Instruction for the data below: set down exactly the lines from the line with "h = msp.add_hatch(dxfattribs=at)" to the line with "(-88.388383, 88.388383), [])])", inclusive, and no others.

[Stored dataset items]
• • • • • • •
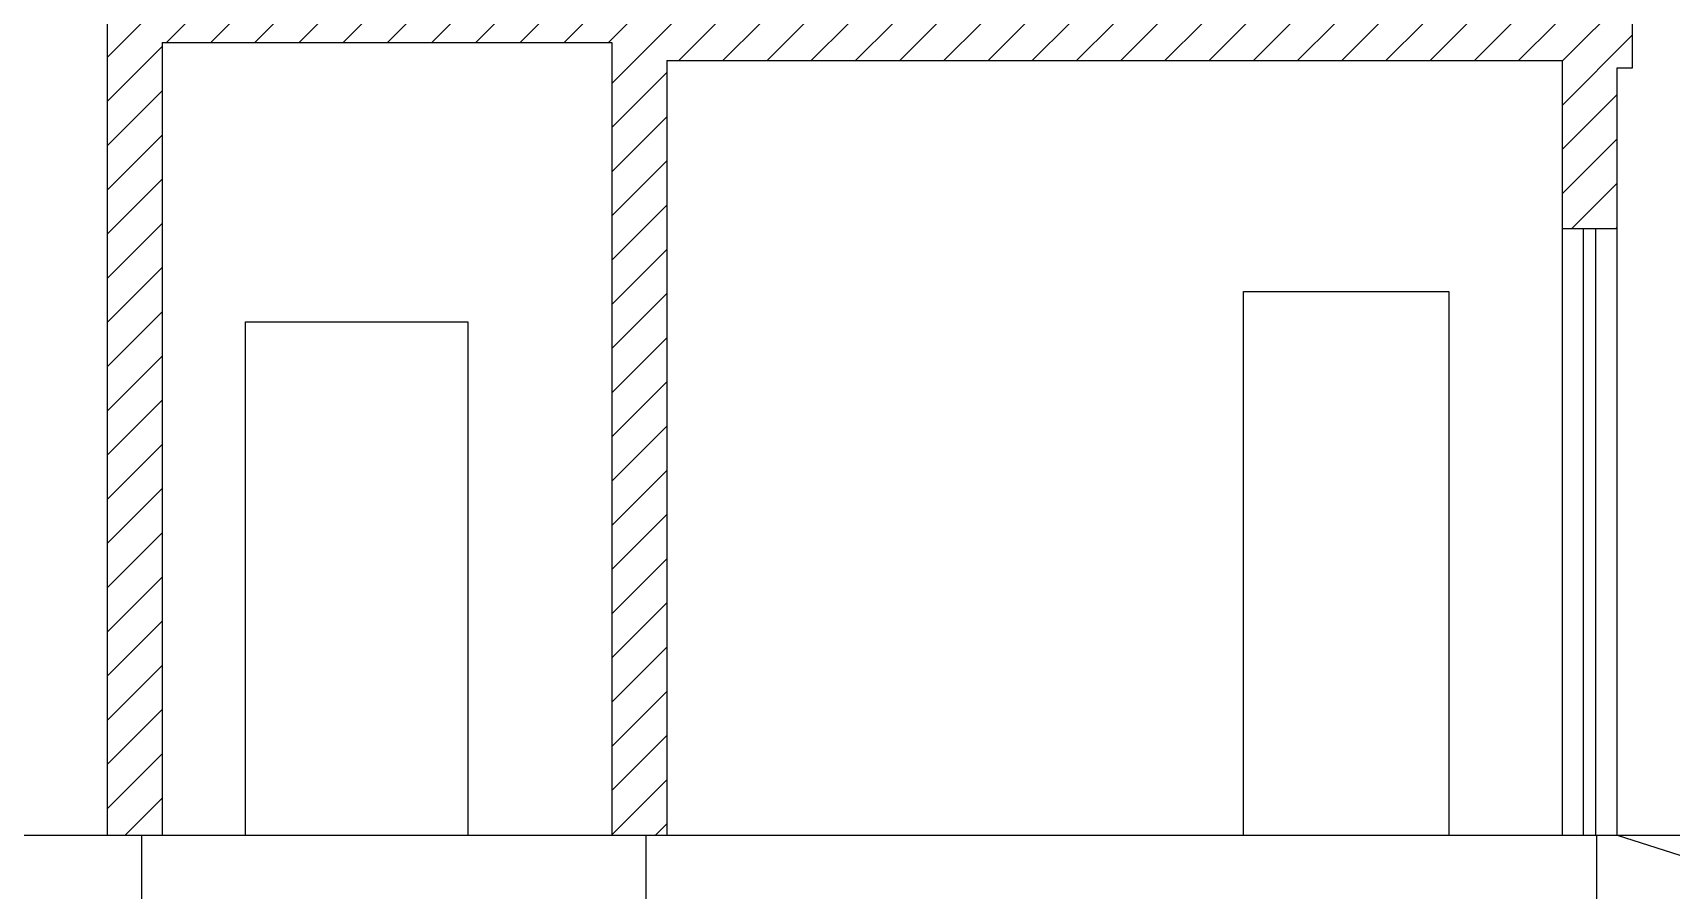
# Model space of a CAD drawing. Extents: x -20250 to 331240, y -699 to 63168.
# Drawn here: x 192385 to 198938, y 7645 to 11074 of the extents above; entities that cross this region are included whole.
import ezdxf

# ---------------------------------------------------------------- set-up
doc = ezdxf.new("R2010")
doc.units = 0
doc.header["$LTSCALE"] = 1000
doc.header["$MEASUREMENT"] = 0
for name, color, linetype in [('DOTE', 1, 'Continuous'), ('PUB_HATCH', 8, 'Continuous'), ('WALL', 9, 'Continuous'), ('窗', 4, 'Continuous')]:
    doc.layers.add(name, color=color, linetype=linetype)

msp = doc.modelspace()

# ---------------------------------------------------------------- hatches: boundary and pattern name
at = {"layer": 'PUB_HATCH'}
h = msp.add_hatch(dxfattribs=at)
h.set_pattern_fill('普通砖', color=256, scale=50, style=0)
h.set_pattern_definition([(45, (-59853.03, 80703.54), (-88.388383, 88.388383), [])])
h.paths.add_polyline_path([(198783.3, 11961.1), (198816.5, 11961.1), (198816.5, 12013.8), (198576.5, 12013.8), (198576.5, 11961.1), (198605.8, 11961.1), (198605.8, 11112.7), (194920.4, 11112.7), (194920.4, 12117.2), (194700.4, 12117.2), (194700.4, 11185.5), (192902.8, 11185.5), (192902.8, 13691.1), (194700.4, 13691.1), (194700.4, 13287.4), (194920.4, 13287.4), (194920.4, 13691.1), (195011.2, 13691.1), (195011.2, 13922.3), (194920.4, 13922.3), (194920.4, 13872.3), (192682.8, 13872.3), (192682.8, 13922.3), (192591.9, 13922.3), (192591.9, 13691.1), (192682.8, 13691.1), (192682.8, 7864.9), (192902.8, 7864.9), (192902.8, 11035.5), (194700.4, 11035.5), (194700.4, 7864.9), (194920.4, 7864.9), (194920.4, 10962.7), (198501.6, 10962.7), (198501.6, 10290.2), (198721.4, 10290.2), (198721.4, 10934.2), (198783.3, 10934.2)])

# ---------------------------------------------------------------- linework, layer by layer
at = {"layer": 'DOTE'}
for p, q in [((192819.7, 7864.9, 0), (192819.7, 7454.5, 0)), ((194837.3, 7864.9, 0), (194837.3, 7454.5, 0)), ((198638.3, 7864.9, 0), (198638.3, 7454.5, 0))]:
    msp.add_line(p, q, dxfattribs=at)
at = {"layer": 'DOTE', "elevation": 0}
msp.add_lwpolyline([(184518.5, 7864.9), (202243.7, 7864.9)], dxfattribs=at)
at = {"layer": 'WALL'}
for points in [[(198721.4, 7864.9, 0), (198721.4, 10934.2, 0), (198783.3, 10934.2, 0), (198783.3, 11961.1, 0), (198816.5, 11961.1, 0), (198816.5, 12013.8, 0), (198347.7, 12013.8, 0), (198347.7, 16387.6, 0), (198201.5, 16387.6, 0), (198201.5, 16744.3, 0), (188970.1, 16744.3, 0), (188970.1, 16387.6, 0), (188823.9, 16387.6, 0), (188823.9, 11881.3, 0), (188794.1, 11881.3, 0), (188794.1, 11839.2, 0), (188823.9, 11839.2, 0), (188823.9, 7848.1, 0), (189123.6, 7848.1, 0), (189123.6, 11719.5, 0), (190090.6, 11176.7, 0), (190789.2, 10855.7, 0), (191995, 10298.9, 0)], [(194920.4, 11112.7, 0), (194920.4, 13691.1, 0), (195011.2, 13691.1, 0), (195011.2, 13922.3, 0), (194920.4, 13922.3, 0), (194920.4, 13872.3, 0), (192682.8, 13872.3, 0), (192682.8, 13922.3, 0), (192591.9, 13922.3, 0), (192591.9, 13691.1, 0), (192682.8, 13691.1, 0), (192682.8, 7864.9, 0)], [(192902.8, 11035.5, 0), (192902.8, 7864.9, 0)], [(192902.8, 11035.5, 0), (194700.4, 11035.5, 0)], [(194700.4, 11035.5, 0), (194700.4, 7864.9, 0)], [(194920.4, 10962.7, 0), (194920.4, 7864.9, 0)], [(194920.4, 10962.7, 0), (198501.6, 10962.7, 0)], [(198501.6, 10962.7, 0), (198501.6, 7864.9, 0)], [(197227.6, 7864.9, 0), (197227.6, 10039.3, 0), (198048, 10039.3, 0), (198048, 7864.9, 0)], [(193236.2, 7864.9, 0), (193236.2, 9918.5, 0), (194124.4, 9918.5, 0), (194124.4, 7864.9, 0)], [(189123.6, 7864.9, 0), (198721.4, 7864.9, 0)], [(198721.4, 7864.9, 0), (199411, 7644.6, 0)]]:
    msp.add_polyline3d(points, dxfattribs=at)
at = {"layer": '窗'}
msp.add_lwpolyline([(198721.4, 10290.2), (198501.6, 10290.2), (198501.6, 7864.9), (198721.4, 7864.9)], close=True, dxfattribs=at)
for points in [[(198586.5, 7864.9), (198586.5, 10290.2)], [(198636.5, 7864.9), (198636.5, 10290.2)]]:
    msp.add_lwpolyline(points, dxfattribs=at)

doc.saveas('drawing.dxf')
• • • • • • •
WORKED SOLUTION
h = msp.add_hatch(dxfattribs=at)
h.set_pattern_fill('普通砖', color=256, scale=50, style=0)
h.set_pattern_definition([(45, (-59853.03, 80703.54), (-88.388383, 88.388383), [])])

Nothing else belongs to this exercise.